§ Your goal: Copy each line from the data that has the word "Commented" in it.

-------

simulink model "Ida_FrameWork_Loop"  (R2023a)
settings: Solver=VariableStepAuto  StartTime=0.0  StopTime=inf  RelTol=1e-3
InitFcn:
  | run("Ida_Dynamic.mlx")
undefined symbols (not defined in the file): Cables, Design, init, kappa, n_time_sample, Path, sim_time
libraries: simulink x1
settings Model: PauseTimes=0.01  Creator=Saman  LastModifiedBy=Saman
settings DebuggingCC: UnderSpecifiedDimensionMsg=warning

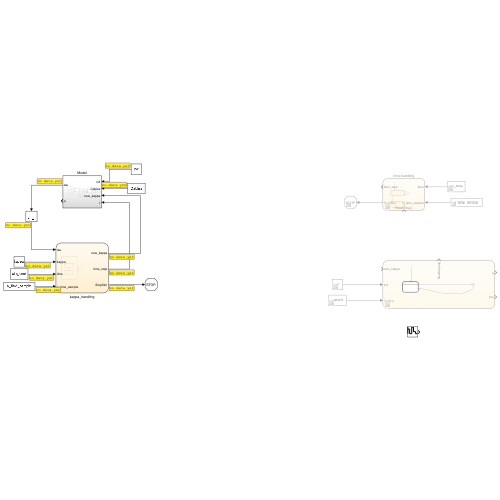
[thumbnail: Simulink's stored preview of the top-level diagram]
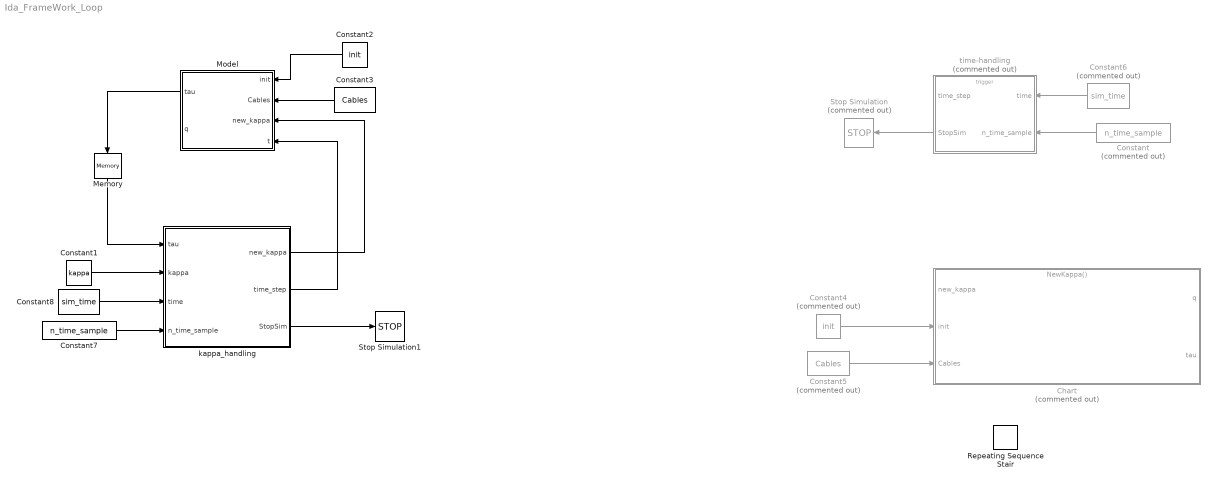
== system Ida_FrameWork_Loop ==
  Chart : Stateflow chart  Commented=on  TreatAsAtomicUnit=on
      settings: PortSchema="{\"entries\":[{\"content\":{\"sides\":[{\"content\":{\"connectorIds\":[\"In1\",\"In2\",\"In3\"]},\"type\":\"ConnectorPlacement.EquallySpacedRectSide\",\"uuid\":\"191c1550-6bd7-40a1-a407-faed922c01f5\"},{\"content\":{\"connectorIds\":[\"Out1\",\"Out2\"],\"side\":\"RIGHT\"},\"type\":\"ConnectorPlacement.EquallySpacedRectSide\",\"uuid\":\"ea9eb825-e49b-447b-9f77-f893937989a1\"},{\"content\":{\"connectorIds\":[\"Out3\"],\"side\":\"TOP\"},\"type\":\"ConnectorPlacement.EquallySpacedRectSide\",\"uuid\":\"63a28030-9dfb-4068-964b-2b00dab3f248\"}]},\"type\":\"ConnectorPlacement.EquallySpacedConnector\",\"uuid\":\"82f8fa03-3b4f-46da-8e57-1f2771fc7109\"}],\"packageUris\":[\"http://schema.mathworks.com/mf0/Connector/R2020b\"],\"version\":\"1.0\"}"
  Constant : Constant  Commented=on  Value=n_time_sample
  Constant1 : Constant  Value=kappa
  Constant2 : Constant  Value=init  OutDataTypeStr=Bus: slBus3
  Constant3 : Constant  Value=Cables  OutDataTypeStr=Bus: slBus1
  Constant4 : Constant  Commented=on  Value=init  OutDataTypeStr=Bus: slBus3
  Constant5 : Constant  Commented=on  Value=Cables  OutDataTypeStr=Bus: slBus1
  Constant6 : Constant  Commented=on  Value=sim_time
  Constant7 : Constant  Value=n_time_sample
  Constant8 : Constant  Value=sim_time
  Memory : Memory
  Model : Subsystem
  Repeating Sequence Stair : simulink/Sources/Repeating Sequence Stair  OutValues=sim_time  tsamp=-1  OutMin=[]  OutMax=[]  OutDataTypeStr=double  OutputDataTypeScalingMode=double  OutDataType=fixdt(0,8)  ConRadixGroup=Best Precision: Vector-wise  OutScaling=2^-12
  Stop Simulation : Stop  Commented=on
  Stop Simulation1 : Stop
  kappa_handling : Stateflow chart  TreatAsAtomicUnit=on
  time-handling : Stateflow chart  Commented=on  TreatAsAtomicUnit=on
  wires:
  Constant4/1 -> Chart/2(init)
  Constant5/1 -> Chart/3(Cables)
  Constant1/1 -> kappa_handling/2(kappa)
  Model/1(tau) -> Memory/1
  Constant3/1 -> Model/2(Cables)
  Constant2/1 -> Model/1(init)
  kappa_handling/1(new_kappa) -> Model/3(new_kappa)
  Memory/1 -> kappa_handling/1(tau)
  Constant6/1 -> time-handling/1(time)
  Constant/1 -> time-handling/2(n_time_sample)
  time-handling/2(StopSim) -> Stop Simulation/1
  kappa_handling/3(StopSim) -> Stop Simulation1/1
  Constant8/1 -> kappa_handling/3(time)
  Constant7/1 -> kappa_handling/4(n_time_sample)
  kappa_handling/2(time_step) -> Model/4(t)

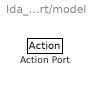
== system Ida_FrameWork_Loop/Chart/model ==
  Action Port : ActionPort
      settings: CopyFcn=Stateflow.SLINSF.SimulinkMan.removeBlockPreDeleteFcn  PreDeleteFcn=Stateflow.SLINSF.SimulinkMan.unsafePredeleteFcn

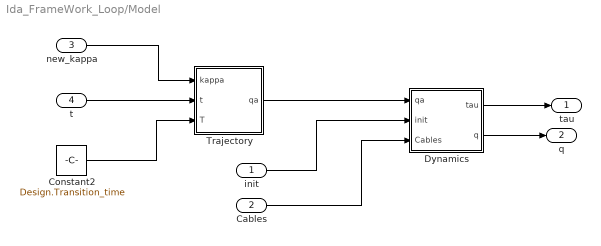
== system Ida_FrameWork_Loop/Model ==
  init : Inport
  Cables : Inport  Port=2
  new_kappa : Inport  Port=3
  t : Inport  Port=4
  Constant2 : Constant  Value=Design.Transition_time
  Dynamics : Subsystem
  Trajectory : Subsystem
  tau : Outport
  q : Outport  Port=2
  wires:
  new_kappa/1 -> Trajectory/1(kappa)
  Dynamics/1(tau) -> tau/1
  Dynamics/2(q) -> q/1
  t/1 -> Trajectory/2(t)
  init/1 -> Dynamics/2(init)
  Cables/1 -> Dynamics/3(Cables)
  Trajectory/1(qa) -> Dynamics/1(qa)
  Constant2/1 -> Trajectory/3(T)

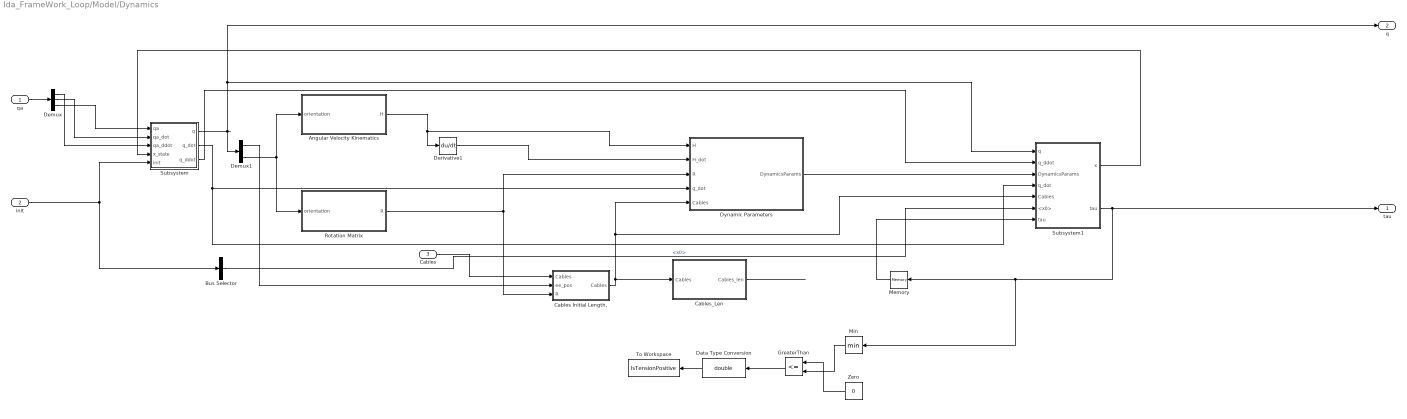
== system Ida_FrameWork_Loop/Model/Dynamics ==
  qa : Inport
  init : Inport  Port=2  OutDataTypeStr=Bus: slBus3
  Cables : Inport  Port=3  OutDataTypeStr=Bus: slBus1
  Angular Velocity Kinematics : MATLAB Function  TreatAsAtomicUnit=on
  Bus Selector : BusSelector  OutputSignals=x0
  Cables Initial Length, : MATLAB Function  TreatAsAtomicUnit=on
  Cables_Len : MATLAB Function  TreatAsAtomicUnit=on
  Data Type Conversion : DataTypeConversion  OutDataTypeStr=double  SaturateOnIntegerOverflow=off  RndMeth=Floor
  Demux : Demux  Outputs=3
  Demux1 : Demux  Outputs=2
  Derivative1 : Derivative
  Dynamic Parameters : MATLAB Function  TreatAsAtomicUnit=on
  GreaterThan : RelationalOperator  Operator=<=  OutDataTypeStr=boolean  RndMeth=Simplest  InputSameDT=off
  Memory : Memory
  Min : MinMax
  Rotation Matrix : MATLAB Function  TreatAsAtomicUnit=on
  Subsystem : Subsystem
  Subsystem1 : Subsystem
  To Workspace : ToWorkspace  VariableName=IsTensionPositive  SaveFormat=Timeseries  SampleTime=-1
  Zero : Constant  Value=0  OutDataTypeStr=Inherit: Inherit via back propagation
  tau : Outport
  q : Outport  Port=2
  wires:
  Cables/1 -> Cables Initial Length,/1("Cables ")
  Angular Velocity Kinematics/1(H) -> Dynamic Parameters/1(H), Derivative1/1
  Derivative1/1 -> Dynamic Parameters/2(H_dot)
  Rotation Matrix/1(R) -> Cables Initial Length,/3(R), Dynamic Parameters/3(R)
  qa/1 -> Demux/1
  init/1 -> Bus Selector/1, Subsystem/5(init)
  Subsystem/1(q) -> q/1, Subsystem1/1(q), Demux1/1
  Demux1/2 -> Rotation Matrix/1(orientation), Angular Velocity Kinematics/1(orientation)
  Demux1/1 -> Cables Initial Length,/2(ee_pos)
  Subsystem/2(q_dot) -> Subsystem1/4(q_dot), Dynamic Parameters/4(q_dot)
  Demux/3 -> Subsystem/1(qa)
  Demux/2 -> Subsystem/2(qa_dot)
  Demux/1 -> Subsystem/3(qa_ddot)
  GreaterThan/1 -> Data Type Conversion/1
  Zero/1 -> GreaterThan/1
  Min/1 -> GreaterThan/2
  Cables Initial Length,/1(Cables) -> Cables_Len/1(Cables), Subsystem1/5(Cables), Dynamic Parameters/5(Cables)
  Cables_Len/1(Cables_len) -> ?
  Data Type Conversion/1 -> To Workspace/1
  Subsystem1/2(tau) -> tau/1, Min/1, Memory/1
  Subsystem/3(q_ddot) -> Subsystem1/2(q_ddot)
  Dynamic Parameters/1(DynamicsParams) -> Subsystem1/3(DynamicsParams)
  Bus Selector/1 -> Subsystem1/6(<x0>)  "<x0>"
  Memory/1 -> Subsystem1/7("tau ")
  Subsystem1/1(x) -> Subsystem/4(x_state)

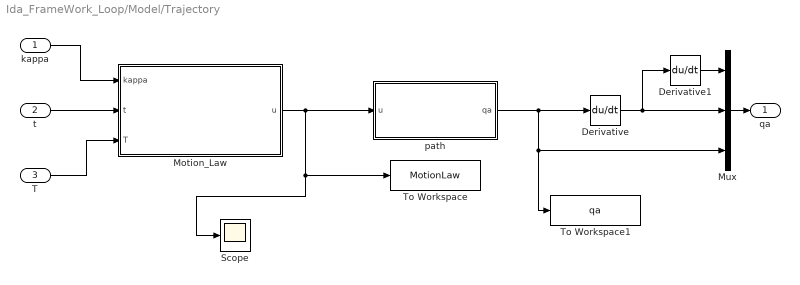
== system Ida_FrameWork_Loop/Model/Trajectory ==
  kappa : Inport
  t : Inport  Port=2
  T : Inport  Port=3
  Derivative : Derivative
  Derivative1 : Derivative
  Motion_Law : MATLAB Function  TreatAsAtomicUnit=on
  Mux : Mux  Inputs=3
  Scope : Scope
  To Workspace : ToWorkspace  VariableName=MotionLaw  SaveFormat=Timeseries  SampleTime=-1
  To Workspace1 : ToWorkspace  VariableName=qa  SaveFormat=Timeseries  SampleTime=-1
  path : MATLAB Function  TreatAsAtomicUnit=on
  qa : Outport
  wires:
  Derivative1/1 -> Mux/1
  Motion_Law/1(u) -> Scope/1, To Workspace/1, path/1(u)
  Derivative/1 -> Derivative1/1, Mux/2
  path/1(qa) -> Derivative/1, To Workspace1/1, Mux/3
  T/1 -> Motion_Law/3(T)
  t/1 -> Motion_Law/2(t)
  Mux/1 -> qa/1
  kappa/1 -> Motion_Law/1(kappa)

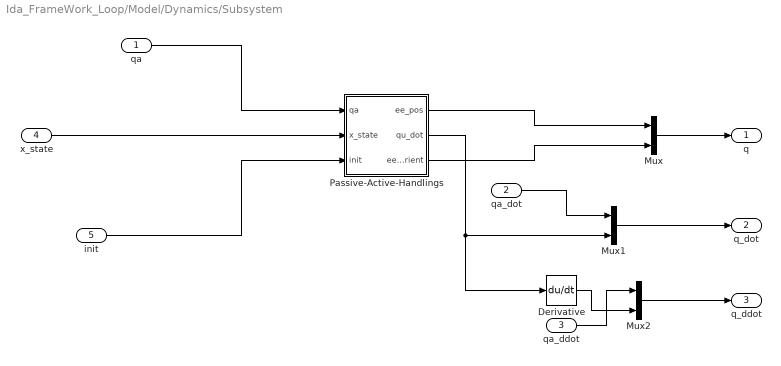
== system Ida_FrameWork_Loop/Model/Dynamics/Subsystem ==
  qa : Inport
  qa_dot : Inport  Port=2
  qa_ddot : Inport  Port=3
  x_state : Inport  Port=4
  init : Inport  Port=5
  Derivative : Derivative
  Mux : Mux  Inputs=2
  Mux1 : Mux  Inputs=2
  Mux2 : Mux  Inputs=2
  Passive-Active-Handlings : Stateflow chart  TreatAsAtomicUnit=on
  q : Outport
  q_dot : Outport  Port=2
  q_ddot : Outport  Port=3
  wires:
  qa/1 -> Passive-Active-Handlings/1(qa)
  Passive-Active-Handlings/3(ee_orient) -> Mux/2
  x_state/1 -> Passive-Active-Handlings/2(x_state)
  init/1 -> Passive-Active-Handlings/3(init)
  Passive-Active-Handlings/1(ee_pos) -> Mux/1
  Mux/1 -> q/1
  qa_dot/1 -> Mux1/1
  Passive-Active-Handlings/2(qu_dot) -> Derivative/1, Mux1/2
  Mux1/1 -> q_dot/1
  Mux2/1 -> q_ddot/1
  qa_ddot/1 -> Mux2/1
  Derivative/1 -> Mux2/2

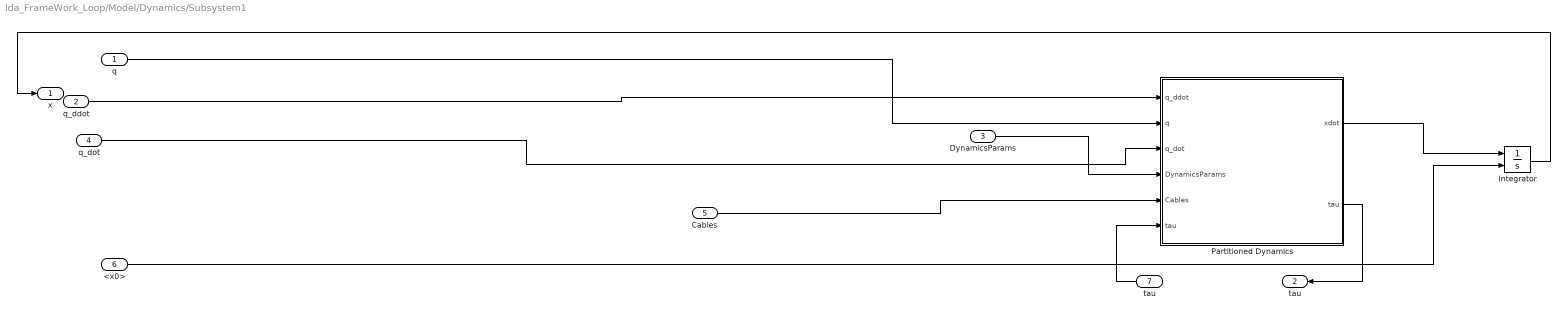
== system Ida_FrameWork_Loop/Model/Dynamics/Subsystem1 ==
  q : Inport
  q_ddot : Inport  Port=2
  DynamicsParams : Inport  Port=3
  q_dot : Inport  Port=4
  Cables : Inport  Port=5
  <x0> : Inport  Port=6
  "tau " : Inport  Port=7
  Integrator : Integrator  InitialConditionSource=external  InitialCondition=init.x0
  Partitioned Dynamics : MATLAB Function  TreatAsAtomicUnit=on
  x : Outport
  tau : Outport  Port=2
  wires:
  Partitioned Dynamics/1(xdot) -> Integrator/1
  q/1 -> Partitioned Dynamics/2(q)
  "tau "/1 -> Partitioned Dynamics/6("tau ")
  <x0>/1 -> Integrator/2
  Partitioned Dynamics/2(tau) -> tau/1
  q_ddot/1 -> Partitioned Dynamics/1(q_ddot)
  DynamicsParams/1 -> Partitioned Dynamics/4(DynamicsParams)
  q_dot/1 -> Partitioned Dynamics/3(q_dot)
  Cables/1 -> Partitioned Dynamics/5(Cables)
  Integrator/1 -> x/1

== matlab function Ida_FrameWork_Loop/Model/Dynamics/Rotation Matrix ==
  data: R output; orientation input
function R = fcn(orientation)
phi=orientation(1);
theta=orientation(2);
chi=orientation(3);

R = [
    cos(theta)*cos(chi),              -cos(theta)*sin(chi),               sin(theta);
    sin(phi)*sin(theta)*cos(chi) + cos(phi)*sin(chi),   -sin(phi)*sin(theta)*sin(chi) + cos(phi)*cos(chi),   -sin(phi)*cos(theta);
    -cos(phi)*sin(theta)*cos(chi) + sin(phi)*sin(chi),  cos(phi)*sin(theta)*sin(chi) + sin(phi)*cos(chi),    cos(phi)*cos(theta)
];

== matlab function Ida_FrameWork_Loop/Model/Dynamics/Angular Velocity Kinematics ==
  data: H output; orientation input size=[3 1]
function H = fcn(orientation)
phi=orientation(1);
theta=orientation(2);
chi=orientation(3);

H =[1 0 sin(theta); 0 cos(phi) -sin(phi)*cos(theta); 0 sin(phi) cos(phi)*cos(theta)];

== matlab function Ida_FrameWork_Loop/Model/Dynamics/Cables Initial Length, ==
  data: Cables input Bus: slBus1; ee_pos input; Cables output; R input; Design parameter Bus: slBus4
function Cables = fcn(Cables,ee_pos, R,Design)

for i=1:Design.Cables_num
    ai=Design.a(:,i);
    di=Design.d(:,i);
    vec = di - ee_pos' - R *ai ;
    Cables(i).Vector=vec';
end

== stateflow chart Ida_FrameWork_Loop/Model/Dynamics/Subsystem/Passive-Active-Handlings ==
  state SoleTransition
    entry,during:
    %q_a(:,i)=qa;
    %q_u(:,i)=qu;
    ee_orient=q_u(1:3);
    ee_pos=qa;
    i=i+1;
  state Store
    entry,during:
    %q_a(:,i)=qa;
    %q_u(:,i)=qu;
    qu=x_state(1:3);
    qu_dot=x_state(4:6);
    ee_orient=qu';
    ee_pos=qa;
    %i=i+1;
  (default) -> (junction 22) : % init
      | {
      | ee_orient=zeros(1,3);
      | ee_pos=zeros(1,3);
      | q_u=init.x0(4:end)';
      | i=1;
      | %q_a=zeros(Design.Cables_num,Design.Transition_time/Design.StepTime);
      | %q_u=zeros(6-Design.Cables_num,Design.Transition_time/Design.StepTime);
      | %x_state=zeros(2*(6-Design.Cables_num),Design.Transition_time/Design.StepTime);
      | %q_u(:,end)=init.x1(3:Design.Cables_num);
      | %x_state(:,1)=init.x0;
      | %x_state(:,end)=init.x1;
      | %q_u(:,end)=init.x1(3:Design.Cables_num);
      | %q_a(:,1)=Path.qa0;
      | %q_a(:,end)=Path.qaT;
      | }
  (junction 22) -> (junction 23) [order 1] : [i==1]
  (junction 23) -> SoleTransition : {
      | %q_u(:,1)=init.x0(3:Design.Cables_num);
      | }
  (junction 22) -> Store [order 2]
  SoleTransition -> Store : [i>1]
  data: Design parameter Bus: slBus4; qa input size=[1 3]; x_state input; Path parameter Bus: slBus2; ee_pos output; qu_dot output; ee_orient output; init input Bus: slBus3; x0 local; q_u local size=[1,3]; i local; qu local

== matlab function Ida_FrameWork_Loop/Model/Dynamics/Cables_Len ==
  data: Cables input Bus: slBus1; Cables_len output
function Cables_len = Cables_Len(Cables)
Cables_len=zeros(numel(Cables),1);
for i=1:numel(Cables)
    Cables_len(i)=norm(Cables(i).Vector);
end

== stateflow chart Ida_FrameWork_Loop/Chart ==
  state model
  (default) -> model : {
      | tau=zeros(3,1);
      | cable_num=3;
      | }
  model -> (junction 16) : [any(tau<0)]
  (junction 16) -> model : {
      |  send(NewKappa)
      | }
  data: sf_internal_action_state_placeholder_data local double size=1 =0; new_kappa input; init input; Cables input; q output; tau output; cable_num local
  events: NewKappa output FUNCTION_CALL_EVENT

== stateflow chart Ida_FrameWork_Loop/kappa_handling ==
  state Positive_Tension_Mode
    state select_time_sample
      du,en:
      time_step=time(index);
      index=index+1;
    state Stop_simulation
      entry:
      send(StopSim);
    (default) -> select_time_sample
    select_time_sample -> Stop_simulation : [index==n_time_sample]
  (default) -> Positive_Tension_Mode : {
      | index=1;
      |  new_kappa=kappa;
      | }
  Positive_Tension_Mode -> Positive_Tension_Mode : [any(tau<0)]{
      | xmin = -100;
      | xmax = 100;
      | new_kappa= xmin + (xmax-xmin)*rand(6,1); % range from -100 to 100
      | }
  data: tau input; kappa input; new_kappa output; xmax local; xmin local; time input; n_time_sample input; time_step output; index local
  events: StopSim output EITHER_EDGE_EVENT; isReset local FUNCTION_CALL_EVENT

== stateflow chart Ida_FrameWork_Loop/time-handling ==
  settings: executeAtInitialization=1
  state select_time_sample
    en,du:
    time_step=time(index);
    index=index+1;
  state Stop_simulation
    entry:
    send(StopSim);
  (default) -> select_time_sample : {index=1}
  select_time_sample -> select_time_sample [order 1] : [ResetTime]
      | {index=1}
  select_time_sample -> Stop_simulation [order 2] : [index==n_time_sample]
  data: time input; time_step output; index local; n_time_sample input
  events: ResetTime input FUNCTION_CALL_EVENT; StopSim output EITHER_EDGE_EVENT

== matlab function Ida_FrameWork_Loop/Model/Trajectory/path ==
  data: u input; qa output; Path parameter Bus: slBus2
function qa = Path(u,Path)

spec=char(Path.spec);
if isequal(spec, 'Line'+0)
    qa=Path.qa0+(Path.qaT-Path.qa0)*u;
else
    error("specify correct Path.spec")

end
end

== matlab function Ida_FrameWork_Loop/Model/Trajectory/Motion_Law ==
  data: kappa input; u output; t input; T input; r parameter
function u = motion_law(kappa, t, T, r)
    
    kappa=kappa';
    
    % Define the degree of the transition polynomial
   

    % Define the coefficients ai using equation (45)
    ai = zeros(1,r+1);
    for i = r+1:2*r+1
        ai(i-r) = (-1)^(i-r-1) * factorial(2*r+1) /((i * factorial(r) * factorial(i-r-1) * factorial(2*r+1-i))) ;
    end

    % Define alpha using equation (53)
    alpha = (1 - sum(kappa .* T.^(2:numel(kappa)+1))) / T;

    % Define gamma as a function of t using equation (53)
    gamma = alpha * t + sum(kappa .* t.^(2:numel(kappa)+1));

    % Calculate u using equation (51)
    u = sum(ai .* gamma.^(r+1:2*r+1));
end

== matlab function Ida_FrameWork_Loop/Model/Dynamics/Subsystem1/Partitioned Dynamics ==
  data: q_ddot input; q input; q_dot input; xdot output; DynamicsParams input Bus: slBus5; Cables input; Design parameter Bus: slBus4; tau output size=[3,1]; tau input size=[3,1]
function [xdot,tau] = fcn(q_ddot, q,q_dot, DynamicsParams,Cables,Design, tau)

%%%%%%%%%%%%%%%%%%%%%%%%%%%%%%%%%%%%% Parametrs Initialization %%%%%%%%%%%%%%%%%%
M=DynamicsParams.M;
C=DynamicsParams.C;
G=DynamicsParams.G;
J=DynamicsParams.J;
Fw=DynamicsParams.Fw;


% Maa=M(1:3,1:3);
% Mau=M(1:3,4:6);
% Mua=M(4:6,1:3);
% Muu=M(4:6,4:6);
%
% Caa=C(1:3,1:3);
% Cau=C(1:3,4:6);
% Cua=C(4:6,1:3);
% Cuu=C(4:6,4:6);


% Define the constants and variables
m = Design.Cables_num; % number of cables
h = 6;% dimension of motion space
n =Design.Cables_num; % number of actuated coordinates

-------

§ Exercise answer:
  Chart : Stateflow chart  Commented=on  TreatAsAtomicUnit=on
  Constant : Constant  Commented=on  Value=n_time_sample
  Constant4 : Constant  Commented=on  Value=init  OutDataTypeStr=Bus: slBus3
  Constant5 : Constant  Commented=on  Value=Cables  OutDataTypeStr=Bus: slBus1
  Constant6 : Constant  Commented=on  Value=sim_time
  Stop Simulation : Stop  Commented=on
  time-handling : Stateflow chart  Commented=on  TreatAsAtomicUnit=on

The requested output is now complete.